*** Provided data Section Begins ***

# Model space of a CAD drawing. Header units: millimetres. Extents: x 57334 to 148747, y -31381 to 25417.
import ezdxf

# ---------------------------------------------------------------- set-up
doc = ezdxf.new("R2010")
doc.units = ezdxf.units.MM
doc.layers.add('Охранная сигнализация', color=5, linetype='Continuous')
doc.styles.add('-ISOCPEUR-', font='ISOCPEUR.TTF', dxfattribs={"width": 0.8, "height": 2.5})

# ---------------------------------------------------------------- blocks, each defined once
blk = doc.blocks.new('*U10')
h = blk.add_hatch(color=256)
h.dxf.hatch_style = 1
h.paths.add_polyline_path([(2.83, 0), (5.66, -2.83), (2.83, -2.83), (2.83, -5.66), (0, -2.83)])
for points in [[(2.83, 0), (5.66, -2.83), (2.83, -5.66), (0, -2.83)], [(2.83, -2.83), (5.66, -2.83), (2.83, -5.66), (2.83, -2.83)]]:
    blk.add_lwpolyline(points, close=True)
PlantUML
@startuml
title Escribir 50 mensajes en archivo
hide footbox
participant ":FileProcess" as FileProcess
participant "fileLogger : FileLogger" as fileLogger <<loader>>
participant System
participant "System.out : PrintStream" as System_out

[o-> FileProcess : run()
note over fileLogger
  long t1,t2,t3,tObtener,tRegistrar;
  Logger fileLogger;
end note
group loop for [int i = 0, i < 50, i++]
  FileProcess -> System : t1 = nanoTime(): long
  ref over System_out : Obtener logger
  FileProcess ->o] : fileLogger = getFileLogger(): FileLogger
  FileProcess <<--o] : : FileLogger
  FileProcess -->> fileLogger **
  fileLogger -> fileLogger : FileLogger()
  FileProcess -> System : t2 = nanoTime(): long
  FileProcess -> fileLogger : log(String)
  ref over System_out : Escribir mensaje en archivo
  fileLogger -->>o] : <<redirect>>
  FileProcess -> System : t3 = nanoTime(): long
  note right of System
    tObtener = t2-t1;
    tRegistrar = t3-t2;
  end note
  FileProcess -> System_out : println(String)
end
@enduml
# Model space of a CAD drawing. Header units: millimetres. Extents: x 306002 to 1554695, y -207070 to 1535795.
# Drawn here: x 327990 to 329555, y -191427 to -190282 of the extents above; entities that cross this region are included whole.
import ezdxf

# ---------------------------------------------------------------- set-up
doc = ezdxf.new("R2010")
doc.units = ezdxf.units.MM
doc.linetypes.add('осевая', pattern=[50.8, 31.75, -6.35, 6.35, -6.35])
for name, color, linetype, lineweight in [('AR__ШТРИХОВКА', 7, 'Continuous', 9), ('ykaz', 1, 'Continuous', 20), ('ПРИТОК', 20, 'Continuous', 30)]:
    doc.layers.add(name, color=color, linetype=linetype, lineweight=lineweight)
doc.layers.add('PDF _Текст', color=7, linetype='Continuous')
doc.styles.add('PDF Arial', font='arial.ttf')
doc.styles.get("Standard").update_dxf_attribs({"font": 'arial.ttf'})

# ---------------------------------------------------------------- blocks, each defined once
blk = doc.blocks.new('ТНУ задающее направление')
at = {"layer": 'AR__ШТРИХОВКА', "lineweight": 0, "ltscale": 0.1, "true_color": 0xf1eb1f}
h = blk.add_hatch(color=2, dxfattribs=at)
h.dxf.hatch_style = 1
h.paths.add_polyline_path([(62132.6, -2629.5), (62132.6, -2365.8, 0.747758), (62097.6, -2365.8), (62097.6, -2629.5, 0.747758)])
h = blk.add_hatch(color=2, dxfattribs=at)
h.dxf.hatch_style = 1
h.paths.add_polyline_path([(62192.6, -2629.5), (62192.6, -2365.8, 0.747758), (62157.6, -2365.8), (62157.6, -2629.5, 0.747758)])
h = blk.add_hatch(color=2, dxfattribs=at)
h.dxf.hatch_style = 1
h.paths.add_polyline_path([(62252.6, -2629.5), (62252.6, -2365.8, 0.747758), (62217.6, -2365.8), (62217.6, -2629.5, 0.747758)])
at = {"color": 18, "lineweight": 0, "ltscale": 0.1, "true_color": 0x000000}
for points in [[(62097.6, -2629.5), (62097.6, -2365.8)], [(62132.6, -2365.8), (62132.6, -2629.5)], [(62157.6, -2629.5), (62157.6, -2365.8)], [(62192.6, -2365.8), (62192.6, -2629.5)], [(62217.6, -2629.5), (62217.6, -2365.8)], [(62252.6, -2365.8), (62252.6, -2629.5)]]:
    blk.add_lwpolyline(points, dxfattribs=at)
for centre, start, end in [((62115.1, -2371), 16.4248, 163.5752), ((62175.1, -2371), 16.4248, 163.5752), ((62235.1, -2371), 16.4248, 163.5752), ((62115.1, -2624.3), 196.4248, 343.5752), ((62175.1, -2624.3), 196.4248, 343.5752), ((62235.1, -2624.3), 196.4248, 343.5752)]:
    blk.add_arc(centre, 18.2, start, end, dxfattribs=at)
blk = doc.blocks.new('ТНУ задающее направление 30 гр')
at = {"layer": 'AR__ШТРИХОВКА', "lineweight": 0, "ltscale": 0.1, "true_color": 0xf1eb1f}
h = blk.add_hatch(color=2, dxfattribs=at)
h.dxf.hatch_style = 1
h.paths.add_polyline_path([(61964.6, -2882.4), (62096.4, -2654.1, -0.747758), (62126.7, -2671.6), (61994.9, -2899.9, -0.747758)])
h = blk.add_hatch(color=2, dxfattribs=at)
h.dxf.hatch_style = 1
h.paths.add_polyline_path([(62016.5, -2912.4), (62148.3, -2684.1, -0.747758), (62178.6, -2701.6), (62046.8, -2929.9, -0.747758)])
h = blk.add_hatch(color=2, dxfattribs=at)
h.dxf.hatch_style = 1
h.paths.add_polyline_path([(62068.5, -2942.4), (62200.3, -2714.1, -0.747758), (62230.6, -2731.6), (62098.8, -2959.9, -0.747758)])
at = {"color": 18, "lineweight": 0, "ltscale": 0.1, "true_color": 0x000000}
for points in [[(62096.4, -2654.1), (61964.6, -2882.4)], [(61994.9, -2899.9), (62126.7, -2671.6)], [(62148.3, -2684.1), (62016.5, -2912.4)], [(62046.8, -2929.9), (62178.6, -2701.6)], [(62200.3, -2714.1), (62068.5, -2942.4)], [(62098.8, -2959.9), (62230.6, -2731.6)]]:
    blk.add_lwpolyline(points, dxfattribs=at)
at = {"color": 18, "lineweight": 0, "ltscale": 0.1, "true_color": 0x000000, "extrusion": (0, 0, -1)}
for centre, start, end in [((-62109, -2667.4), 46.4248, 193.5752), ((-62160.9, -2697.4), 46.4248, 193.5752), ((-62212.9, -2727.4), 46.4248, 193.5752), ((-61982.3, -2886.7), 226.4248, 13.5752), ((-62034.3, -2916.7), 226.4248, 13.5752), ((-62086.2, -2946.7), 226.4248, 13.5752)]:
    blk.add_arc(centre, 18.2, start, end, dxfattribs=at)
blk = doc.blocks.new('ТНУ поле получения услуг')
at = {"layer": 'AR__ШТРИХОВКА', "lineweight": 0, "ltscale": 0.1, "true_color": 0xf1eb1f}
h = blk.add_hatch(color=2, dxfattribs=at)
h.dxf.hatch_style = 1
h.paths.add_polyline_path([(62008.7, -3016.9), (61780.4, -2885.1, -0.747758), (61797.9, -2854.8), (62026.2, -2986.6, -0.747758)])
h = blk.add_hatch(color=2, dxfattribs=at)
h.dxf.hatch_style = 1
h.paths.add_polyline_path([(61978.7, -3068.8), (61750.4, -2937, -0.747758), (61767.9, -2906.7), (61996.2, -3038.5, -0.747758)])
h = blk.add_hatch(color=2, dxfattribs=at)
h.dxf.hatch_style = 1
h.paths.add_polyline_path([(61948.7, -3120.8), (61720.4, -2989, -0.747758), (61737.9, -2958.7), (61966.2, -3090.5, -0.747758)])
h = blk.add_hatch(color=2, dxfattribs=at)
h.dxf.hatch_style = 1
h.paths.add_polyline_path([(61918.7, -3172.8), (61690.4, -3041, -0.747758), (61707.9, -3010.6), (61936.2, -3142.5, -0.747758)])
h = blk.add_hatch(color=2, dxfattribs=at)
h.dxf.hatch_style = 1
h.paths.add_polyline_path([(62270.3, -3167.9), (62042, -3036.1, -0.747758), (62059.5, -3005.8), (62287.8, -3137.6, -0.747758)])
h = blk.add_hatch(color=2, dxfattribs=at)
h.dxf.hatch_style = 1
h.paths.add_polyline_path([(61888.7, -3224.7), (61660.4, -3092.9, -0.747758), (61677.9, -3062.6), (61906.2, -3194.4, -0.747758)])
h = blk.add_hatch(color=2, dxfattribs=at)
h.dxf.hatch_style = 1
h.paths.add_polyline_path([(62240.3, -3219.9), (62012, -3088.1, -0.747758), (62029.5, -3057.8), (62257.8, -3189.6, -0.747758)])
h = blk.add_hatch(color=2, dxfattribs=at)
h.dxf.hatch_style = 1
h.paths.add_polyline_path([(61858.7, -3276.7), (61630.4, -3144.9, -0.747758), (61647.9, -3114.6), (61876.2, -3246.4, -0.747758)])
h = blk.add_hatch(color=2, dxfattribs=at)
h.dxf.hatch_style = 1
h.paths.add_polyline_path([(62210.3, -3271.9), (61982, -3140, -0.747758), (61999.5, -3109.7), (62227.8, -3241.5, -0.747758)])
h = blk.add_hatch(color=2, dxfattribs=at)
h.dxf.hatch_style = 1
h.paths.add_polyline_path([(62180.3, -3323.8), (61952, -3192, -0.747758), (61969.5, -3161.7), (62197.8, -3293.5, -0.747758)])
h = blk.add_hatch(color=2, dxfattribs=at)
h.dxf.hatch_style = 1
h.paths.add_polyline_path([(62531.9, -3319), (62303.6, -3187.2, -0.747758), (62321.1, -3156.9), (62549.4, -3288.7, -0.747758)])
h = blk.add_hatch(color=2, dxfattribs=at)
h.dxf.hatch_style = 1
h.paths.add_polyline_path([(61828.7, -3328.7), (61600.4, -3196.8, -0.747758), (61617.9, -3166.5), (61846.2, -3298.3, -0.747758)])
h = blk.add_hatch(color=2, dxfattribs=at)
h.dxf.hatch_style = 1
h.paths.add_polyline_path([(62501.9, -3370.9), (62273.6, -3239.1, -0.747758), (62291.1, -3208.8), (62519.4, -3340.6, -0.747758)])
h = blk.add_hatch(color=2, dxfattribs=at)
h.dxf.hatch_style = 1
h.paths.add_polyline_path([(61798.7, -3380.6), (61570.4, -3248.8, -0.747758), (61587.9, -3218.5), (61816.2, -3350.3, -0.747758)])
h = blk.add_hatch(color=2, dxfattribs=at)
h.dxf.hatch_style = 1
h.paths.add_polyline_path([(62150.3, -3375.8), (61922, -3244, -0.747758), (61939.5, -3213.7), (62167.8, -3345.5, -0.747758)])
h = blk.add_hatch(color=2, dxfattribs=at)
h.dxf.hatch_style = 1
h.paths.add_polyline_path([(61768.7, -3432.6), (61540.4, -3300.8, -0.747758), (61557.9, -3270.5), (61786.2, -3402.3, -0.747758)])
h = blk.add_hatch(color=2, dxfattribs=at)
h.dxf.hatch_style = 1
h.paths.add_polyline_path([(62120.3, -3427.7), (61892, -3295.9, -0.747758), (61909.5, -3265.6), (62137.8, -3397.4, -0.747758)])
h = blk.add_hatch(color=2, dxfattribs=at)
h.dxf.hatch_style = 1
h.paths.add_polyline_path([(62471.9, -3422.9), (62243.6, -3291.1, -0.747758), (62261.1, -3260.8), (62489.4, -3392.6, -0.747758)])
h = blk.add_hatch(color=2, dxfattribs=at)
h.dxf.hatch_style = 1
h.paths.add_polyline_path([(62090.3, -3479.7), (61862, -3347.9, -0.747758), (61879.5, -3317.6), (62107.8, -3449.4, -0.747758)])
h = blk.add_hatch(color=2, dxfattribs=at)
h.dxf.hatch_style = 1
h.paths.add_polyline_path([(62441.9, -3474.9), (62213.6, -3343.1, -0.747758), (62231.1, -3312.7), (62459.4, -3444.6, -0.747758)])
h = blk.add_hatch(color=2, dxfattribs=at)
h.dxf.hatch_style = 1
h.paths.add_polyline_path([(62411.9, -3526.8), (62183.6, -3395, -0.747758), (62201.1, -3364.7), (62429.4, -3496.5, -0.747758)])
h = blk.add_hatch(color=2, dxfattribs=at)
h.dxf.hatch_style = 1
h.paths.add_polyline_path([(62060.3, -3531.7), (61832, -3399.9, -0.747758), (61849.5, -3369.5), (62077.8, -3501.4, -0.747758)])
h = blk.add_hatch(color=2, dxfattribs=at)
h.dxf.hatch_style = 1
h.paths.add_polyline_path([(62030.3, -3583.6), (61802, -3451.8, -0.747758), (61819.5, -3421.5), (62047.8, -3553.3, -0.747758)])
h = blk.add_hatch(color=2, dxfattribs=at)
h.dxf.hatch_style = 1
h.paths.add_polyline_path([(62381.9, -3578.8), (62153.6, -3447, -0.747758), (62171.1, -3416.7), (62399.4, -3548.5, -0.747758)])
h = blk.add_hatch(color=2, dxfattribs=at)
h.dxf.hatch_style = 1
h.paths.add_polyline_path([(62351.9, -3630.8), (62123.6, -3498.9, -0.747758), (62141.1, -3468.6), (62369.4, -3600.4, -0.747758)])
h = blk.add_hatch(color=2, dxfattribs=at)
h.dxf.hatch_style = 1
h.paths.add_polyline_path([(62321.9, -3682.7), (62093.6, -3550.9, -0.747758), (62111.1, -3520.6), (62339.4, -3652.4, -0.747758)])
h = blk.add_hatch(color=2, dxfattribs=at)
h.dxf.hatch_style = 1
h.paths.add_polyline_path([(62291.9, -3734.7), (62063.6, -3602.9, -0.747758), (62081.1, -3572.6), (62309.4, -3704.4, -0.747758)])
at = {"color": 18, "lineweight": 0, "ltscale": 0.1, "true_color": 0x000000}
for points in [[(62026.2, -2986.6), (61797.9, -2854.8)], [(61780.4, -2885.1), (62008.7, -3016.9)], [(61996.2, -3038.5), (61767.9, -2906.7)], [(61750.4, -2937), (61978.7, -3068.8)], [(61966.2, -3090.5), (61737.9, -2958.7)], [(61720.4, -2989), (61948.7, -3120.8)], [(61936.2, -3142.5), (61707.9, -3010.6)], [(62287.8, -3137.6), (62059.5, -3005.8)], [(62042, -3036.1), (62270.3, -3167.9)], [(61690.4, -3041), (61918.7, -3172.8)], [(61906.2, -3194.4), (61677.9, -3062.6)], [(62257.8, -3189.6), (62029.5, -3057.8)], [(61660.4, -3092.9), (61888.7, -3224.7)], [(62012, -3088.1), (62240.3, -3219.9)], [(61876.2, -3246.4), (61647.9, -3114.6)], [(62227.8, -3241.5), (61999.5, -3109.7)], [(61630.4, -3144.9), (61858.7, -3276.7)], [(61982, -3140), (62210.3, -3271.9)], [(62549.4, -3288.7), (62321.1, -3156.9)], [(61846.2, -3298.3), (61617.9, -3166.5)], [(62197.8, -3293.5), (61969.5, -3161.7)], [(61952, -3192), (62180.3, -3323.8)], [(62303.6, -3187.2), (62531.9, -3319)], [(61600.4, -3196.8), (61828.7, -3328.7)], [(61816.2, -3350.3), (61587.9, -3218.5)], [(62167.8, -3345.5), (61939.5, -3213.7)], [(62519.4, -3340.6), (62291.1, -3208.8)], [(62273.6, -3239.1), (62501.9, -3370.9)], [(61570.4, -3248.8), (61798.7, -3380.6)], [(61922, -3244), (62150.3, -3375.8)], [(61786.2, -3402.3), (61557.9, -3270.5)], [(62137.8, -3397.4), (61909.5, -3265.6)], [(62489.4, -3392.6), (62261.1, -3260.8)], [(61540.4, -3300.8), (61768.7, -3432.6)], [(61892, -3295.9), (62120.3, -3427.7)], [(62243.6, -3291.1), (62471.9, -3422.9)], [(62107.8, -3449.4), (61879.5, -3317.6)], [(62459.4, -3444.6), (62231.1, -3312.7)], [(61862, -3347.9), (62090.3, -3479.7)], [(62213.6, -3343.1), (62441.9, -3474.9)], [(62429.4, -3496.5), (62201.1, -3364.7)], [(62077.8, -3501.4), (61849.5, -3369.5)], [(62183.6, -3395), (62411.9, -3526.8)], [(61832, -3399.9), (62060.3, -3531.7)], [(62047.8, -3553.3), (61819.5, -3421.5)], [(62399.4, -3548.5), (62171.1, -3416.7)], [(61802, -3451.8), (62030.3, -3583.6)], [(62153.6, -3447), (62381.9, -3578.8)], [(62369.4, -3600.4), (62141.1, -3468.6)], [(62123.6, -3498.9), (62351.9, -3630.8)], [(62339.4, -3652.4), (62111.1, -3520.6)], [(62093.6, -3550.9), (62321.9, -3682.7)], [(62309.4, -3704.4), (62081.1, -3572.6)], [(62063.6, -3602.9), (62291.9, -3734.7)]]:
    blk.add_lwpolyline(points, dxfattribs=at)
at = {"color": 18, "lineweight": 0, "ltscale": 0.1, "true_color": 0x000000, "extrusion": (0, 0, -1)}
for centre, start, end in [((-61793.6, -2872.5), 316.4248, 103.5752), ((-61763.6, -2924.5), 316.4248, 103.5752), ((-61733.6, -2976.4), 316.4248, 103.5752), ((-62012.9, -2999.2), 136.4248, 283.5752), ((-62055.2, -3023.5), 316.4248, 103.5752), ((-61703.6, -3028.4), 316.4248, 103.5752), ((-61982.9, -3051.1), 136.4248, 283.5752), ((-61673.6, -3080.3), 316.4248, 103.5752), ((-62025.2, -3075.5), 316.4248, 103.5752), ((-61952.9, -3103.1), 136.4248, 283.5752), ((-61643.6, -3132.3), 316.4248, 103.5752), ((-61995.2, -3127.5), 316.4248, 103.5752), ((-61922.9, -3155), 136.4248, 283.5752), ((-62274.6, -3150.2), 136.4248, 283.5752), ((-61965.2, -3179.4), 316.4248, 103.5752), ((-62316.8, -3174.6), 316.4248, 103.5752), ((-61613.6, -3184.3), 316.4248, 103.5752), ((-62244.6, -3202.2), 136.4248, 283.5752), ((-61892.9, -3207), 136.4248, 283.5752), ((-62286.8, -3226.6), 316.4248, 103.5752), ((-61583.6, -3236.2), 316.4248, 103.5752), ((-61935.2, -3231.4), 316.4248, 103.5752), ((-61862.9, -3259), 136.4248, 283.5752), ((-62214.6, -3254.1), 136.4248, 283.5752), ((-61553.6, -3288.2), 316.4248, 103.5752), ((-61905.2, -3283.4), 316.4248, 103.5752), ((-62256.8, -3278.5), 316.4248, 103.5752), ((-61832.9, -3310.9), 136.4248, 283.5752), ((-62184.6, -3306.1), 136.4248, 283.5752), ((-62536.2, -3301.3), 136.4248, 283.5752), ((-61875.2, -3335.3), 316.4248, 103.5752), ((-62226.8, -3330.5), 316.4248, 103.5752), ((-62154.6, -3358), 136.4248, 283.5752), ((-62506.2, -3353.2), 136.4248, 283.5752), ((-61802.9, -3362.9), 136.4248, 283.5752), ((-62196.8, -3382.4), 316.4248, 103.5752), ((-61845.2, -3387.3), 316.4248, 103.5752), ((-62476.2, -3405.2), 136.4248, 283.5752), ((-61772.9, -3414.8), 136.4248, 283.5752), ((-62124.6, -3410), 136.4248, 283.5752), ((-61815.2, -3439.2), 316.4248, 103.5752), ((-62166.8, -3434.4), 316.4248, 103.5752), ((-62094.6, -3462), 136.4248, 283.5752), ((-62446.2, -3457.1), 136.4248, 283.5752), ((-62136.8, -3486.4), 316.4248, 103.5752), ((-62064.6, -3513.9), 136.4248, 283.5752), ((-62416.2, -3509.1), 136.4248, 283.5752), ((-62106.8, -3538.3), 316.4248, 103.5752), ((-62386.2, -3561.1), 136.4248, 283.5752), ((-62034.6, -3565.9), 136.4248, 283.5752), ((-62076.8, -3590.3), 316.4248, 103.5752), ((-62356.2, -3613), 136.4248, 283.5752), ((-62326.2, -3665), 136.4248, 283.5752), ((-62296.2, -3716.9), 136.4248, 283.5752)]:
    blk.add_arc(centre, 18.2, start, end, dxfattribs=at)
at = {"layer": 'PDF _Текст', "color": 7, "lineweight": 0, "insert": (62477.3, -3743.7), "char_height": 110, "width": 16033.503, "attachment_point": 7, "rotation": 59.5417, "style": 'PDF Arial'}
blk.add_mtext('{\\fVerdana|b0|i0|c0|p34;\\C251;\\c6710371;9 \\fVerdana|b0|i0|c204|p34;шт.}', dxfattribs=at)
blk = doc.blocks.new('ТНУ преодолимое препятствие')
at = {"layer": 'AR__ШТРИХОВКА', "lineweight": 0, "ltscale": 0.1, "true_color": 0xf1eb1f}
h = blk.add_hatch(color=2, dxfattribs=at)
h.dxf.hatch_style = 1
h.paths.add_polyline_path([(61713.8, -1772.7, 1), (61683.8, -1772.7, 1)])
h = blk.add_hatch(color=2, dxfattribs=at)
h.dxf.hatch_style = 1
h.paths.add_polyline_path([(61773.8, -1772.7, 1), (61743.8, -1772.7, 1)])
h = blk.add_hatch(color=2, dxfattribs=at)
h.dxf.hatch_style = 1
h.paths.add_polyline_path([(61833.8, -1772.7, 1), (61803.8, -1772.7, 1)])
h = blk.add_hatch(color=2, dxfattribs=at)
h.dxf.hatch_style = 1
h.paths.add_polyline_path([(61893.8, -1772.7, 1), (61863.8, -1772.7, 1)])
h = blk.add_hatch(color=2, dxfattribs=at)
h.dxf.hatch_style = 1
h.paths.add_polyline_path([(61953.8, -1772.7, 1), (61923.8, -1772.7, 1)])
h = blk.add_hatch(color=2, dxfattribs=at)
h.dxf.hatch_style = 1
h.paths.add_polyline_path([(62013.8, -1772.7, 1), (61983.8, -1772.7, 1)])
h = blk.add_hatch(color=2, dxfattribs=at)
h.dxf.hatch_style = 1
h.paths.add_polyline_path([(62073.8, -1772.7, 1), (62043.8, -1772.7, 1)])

*** Provided data Section Ends ***

All lines in the entries above that hold the word "направление" need to be copied.

Exercise solution ▸
blk = doc.blocks.new('ТНУ задающее направление')
blk = doc.blocks.new('ТНУ задающее направление 30 гр')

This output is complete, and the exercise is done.